1.23456789 %>% round(3)
## [1] 1.235
The pipe takes care of making sure the output of the expression on the left-hand-side (a simple numeric, in this case) is inserted as the first argument of the expressing on the right-hand-side. We can also pipe into other argument positions by using a period as a placeholder.
3 %>% round(1.23456789, .)
## [1] 1.235
These are contrived examples, and I don’t suggest using pipes for simple operations like rounding. The pipes really become useful when chaining together multiple operations in sequence, as we’ll do with our dplyr
functions.
The pipe is really helpful when combined with the data-manipulation of dplyr
. Remember how we used filter
to select only the black cats? What if we only want to see the ID’s of those cats, rather than all the info about them? We’ve already seen we can use select
to pick out certain columns. We can use that to select the cat_id
column from our filter
ed dataset like so
# reading from the inside out
select(filter(cats, coat == "black"), cat_id)
## cat_id
## 1 182
## 2 130
That might not look too bad now, but what if we wanted to do another operation on that output? We’d add another layer of nesting, and having to read that line from the inside-out can quickly become annoying. We can use the pipe operator to clean that up.
# reading from left to right
filter(cats, coat == "black") %>% select(cat_id)
## cat_id
## 1 182
## 2 130
We could even add another pipe to feed cats
into filter
; it isn’t necessary, but it makes it even easier to see what we’re operating on in this chain of commands. We’ll combine this with some line breaks to really make this easy to read:
cats %>%
filter(coat == "black") %>%
select(cat_id)
## cat_id
## 1 182
## 2 130
summarize
While mutate
creates new columns, it’s often useful to summarize multiple rows into a single value. Say we want to find the mean weight of all these cats; enter summarize
! Like mutate
, the arguments to summarize (after the data.frame
we want to operate on) are expressions. We can combine summarize
with the mean
function to get a mean weight for our collection of cats like so:
cats %>% summarize(mean_weight = mean(weight))
## mean_weight
## 1 5.8307
Notice how we have only a single value returned, but it’s still in a data.frame
format. This is subtle, but important; all these basic dplyr
verbs take in data.frame
s and also return data.frame
s. This consistency helps make long chains of dplyr
operations possible.
group_by
A very common data analysis task is to do operations like we did above, but to do them on a group-by-group basis. To do this with dplyr
, we’ll use the group_by
function.
Let’s look at the mean weights of our cats, grouping up by coat. This will give us the mean weight of the black cats, mean weight of the calico cats, etc. We can do this by inserting a group_by
function into our earlier expression for computing mean weight:
cats %>%
group_by(coat) %>%
summarize(mean_weight = mean(weight))
## Source: local data frame [5 x 2]
##
## coat mean_weight
## (fctr) (dbl)
## 1 black 5.672000
## 2 brown 4.518333
## 3 calico 6.193000
## 4 maltese 9.681000
## 5 tabby 3.926500
Ta-da!
We can also use mutate
on a per-group basis. Let’s make a new column which centers our weights around zero; this can be done by subtracting the group’s mean weight from each cat’s weight:
cats %>%
group_by(coat) %>%
mutate(centered_weight = weight - mean(weight))

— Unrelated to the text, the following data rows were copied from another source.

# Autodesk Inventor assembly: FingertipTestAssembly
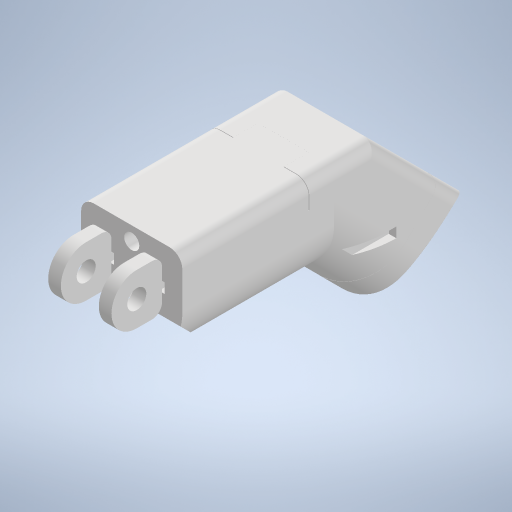
[picture p0: Inventor's stored thumbnail of the model, 512x512]
Saved by Autodesk Inventor 2023 (Build 270158000, 158)
## iProperties
Created: 2023-04-11
Part Number: FingertipTestAssembly
Document SubType Name: Assembly
Designer: 1roweste
Author: 1roweste
## Documents named in this file (5)
- G:\MyPortfolio\Grade 12 Robotics\Robotic Arm project\FingertipTestAssembly.iam
- G:\MyPortfolio\Grade 12 Robotics\Robotic Arm project\Fingertip Midpart.ipt
- G:\MyPortfolio\Grade 12 Robotics\Robotic Arm project\Fingertip End.ipt
- G:\MyPortfolio\Grade 12 Robotics\Robotic Arm project\FingerTip Hardtip.ipt
- G:\MyPortfolio\Grade 12 Robotics\Robotic Arm project\Knuckle Attachment DirectInsert.ipt
## Components (5 placed, 4 different names)
1. Fingertip Midpart:1 — Mate:1, Flush:1, Flush:2, Mate:2, Mate:5, Mate:6, Mate:7, Mate:8, Mate:9, Mate:10
2. Fingertip End:1 — Mate:1, Flush:1, Flush:2, Mate:2, Mate:3, Flush:3, Mate:4
3. FingerTip Hardtip:1 — Mate:3, Flush:3, Mate:4
4. Knuckle Attachment DirectInsert:1 — Mate:5, Mate:6, Mate:7
5. Knuckle Attachment DirectInsert:2 — Mate:8, Mate:9, Mate:10
## Relationships (13: Mate 10, Flush 3)
- Mate:1: Fingertip Midpart:1 ↔ Fingertip End:1
- Flush:1: Fingertip Midpart:1 ↔ Fingertip End:1
- Flush:2: Fingertip Midpart:1 ↔ Fingertip End:1
- Mate:2: Fingertip Midpart:1 ↔ Fingertip End:1
- Mate:3: Fingertip End:1 ↔ FingerTip Hardtip:1
- Flush:3: Fingertip End:1 ↔ FingerTip Hardtip:1
- Mate:4: Fingertip End:1 ↔ FingerTip Hardtip:1
- Mate:5: Fingertip Midpart:1 ↔ Knuckle Attachment DirectInsert:1
- Mate:6: Fingertip Midpart:1 ↔ Knuckle Attachment DirectInsert:1
- Mate:7: Fingertip Midpart:1 ↔ Knuckle Attachment DirectInsert:1
- Mate:8: Fingertip Midpart:1 ↔ Knuckle Attachment DirectInsert:2
- Mate:9: Fingertip Midpart:1 ↔ Knuckle Attachment DirectInsert:2
- Mate:10: Fingertip Midpart:1 ↔ Knuckle Attachment DirectInsert:2

## Source: local data frame [10 x 10]
## Groups: coat [5]
##
## street coat sex age weight fixed wander_dist
## (fctr) (fctr) (fctr) (dbl) (dbl) (int) (dbl)
## 1 Los Robles Way tabby female 3.003 3.993 0 0.040
## 2 242 Harding Ave maltese female 8.234 12.368 1 0.033
## 3 201 Hollywood Ave brown female 4.601 3.947 1 0.076
## 4 140 Robin Way black female 7.172 8.053 1 0.030
## 5 135 Charles St calico male 4.660 6.193 1 0.085
## 6 130 Vista Del Campo tabby female 3.796 3.860 1 0.085
## 7 115 Via Santa Maria brown male 6.917 5.626 1 0.097
## 8 303 Harding Ave brown male 3.713 3.982 1 0.033
## 9 16982 Kennedy Rd black female 2.851 3.291 0 0.065
## 10 16528 Marchmont Dr maltese female 4.594 6.994 0 0.059
## Variables not shown: roamer (fctr), cat_id (int), centered_weight (dbl)
This is an introductory look at dplyr
, just enough to make you dangerous. As you continue your R journey I suggest looking into the other awesome things you can do with this package!